First Red Scare - Origins

Origins

The First Red Scare's origins lie in the subversive actions (both real and imagined) of foreign and leftist elements in the United States, especially militant followers of Luigi Galleani, and in the attempts of the U.S. government to quell protest and gain favorable public views of America's entering World War I. In 1917, President Woodrow Wilson established the Committee on Public Information to circulate and distribute anti-German and pro-Allied propaganda and other news. To add to the effectiveness of the Committee, the Bureau of Investigation (the name for the Federal Bureau of Investigation until 1935) disrupted the work of German-American, union, and leftist organizations through the use of raids, arrests, agents provocateurs, and legal prosecution. Revolutionary and pacifist groups, such as the Socialist Party of America and the Industrial Workers of the World (IWW; its members are known as Wobblies), strongly opposed the war. Many leaders of these groups, most notably Eugene V. Debs, were prosecuted for giving speeches urging resistance to the draft. Members of the Ghadar Party were also put on trial in the Hindu German Conspiracy Trial.

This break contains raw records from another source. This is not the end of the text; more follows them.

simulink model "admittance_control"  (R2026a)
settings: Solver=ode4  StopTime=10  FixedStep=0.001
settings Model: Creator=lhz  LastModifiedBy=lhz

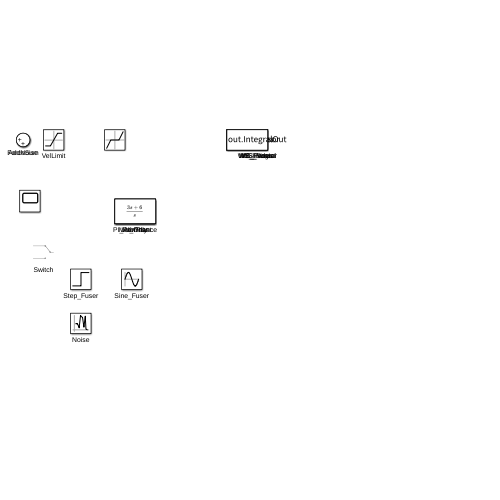
[thumbnail: Simulink's stored preview of the top-level diagram]
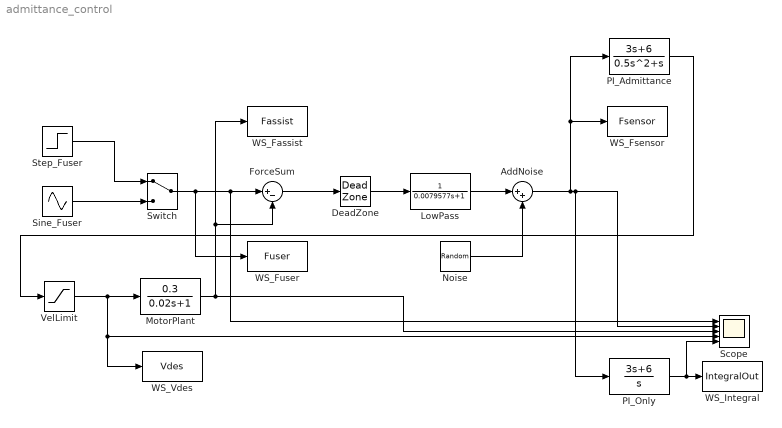
== system admittance_control ==
  AddNoise : Sum  Inputs=|++
  DeadZone : DeadZone  LowerValue=-0.15  UpperValue=0.15
  ForceSum : Sum  Inputs=|+-
  LowPass : TransferFcn  Denominator=[0.0079577 1]
  MotorPlant : TransferFcn  Numerator=0.3  Denominator=[0.02 1]
  Noise : RandomNumber  Variance=0.0025  Seed=42  SampleTime=0.001
  PI_Admittance : TransferFcn  Numerator=[3 6]  Denominator=[0.5 1 0]
  PI_Only : TransferFcn  Numerator=[3 6]  Denominator=[1 0]
  Scope : Scope  NumInputPorts=5
  Sine_Fuser : Sin  Amplitude=5  Frequency=3.1416  SampleTime=0
  Step_Fuser : Step  Time=0.5  FinalValue=10  SampleTime=0
  Switch : ManualSwitch
  VelLimit : Saturate  UpperLimit=300  LowerLimit=-300
  WS_Fassist : ToWorkspace  VariableName=Fassist  SampleTime=-1
  WS_Fsensor : ToWorkspace  VariableName=Fsensor  SampleTime=-1
  WS_Fuser : ToWorkspace  VariableName=Fuser  SampleTime=-1
  WS_Integral : ToWorkspace  VariableName=IntegralOut  SampleTime=-1
  WS_Vdes : ToWorkspace  VariableName=Vdes  SampleTime=-1
  wires:
  PI_Only/1 -> WS_Integral/1, Scope/5
  PI_Admittance/1 -> VelLimit/1
  Noise/1 -> AddNoise/2
  DeadZone/1 -> LowPass/1
  AddNoise/1 -> PI_Only/1, Scope/2, WS_Fsensor/1, PI_Admittance/1
  ForceSum/1 -> DeadZone/1
  MotorPlant/1 -> WS_Fassist/1, ForceSum/2, Scope/3
  Switch/1 -> ForceSum/1, Scope/1, WS_Fuser/1
  LowPass/1 -> AddNoise/1
  VelLimit/1 -> WS_Vdes/1, Scope/4, MotorPlant/1
  Sine_Fuser/1 -> Switch/2
  Step_Fuser/1 -> Switch/1

The effort was also helped by the United States Congress, with the passing of the Espionage Act in 1917 and its sister act the Sedition Act of 1918. The Espionage Act made it a crime to interfere with the operation or success of the military, and the Sedition Act forbade Americans to use "disloyal, profane, scurrilous, or abusive language" about the United States government, flag, or armed forces of the United States during war.

After the war officially ended, the government investigations abated for a few months but did not cease. They soon resumed in the context of the Russian Revolution of 1917, the Russian Civil War, and the Red Terror. To some Americans, this was a time of uncertainty and fear over the prospects of an anarchist, socialist or communist revolution in the United States.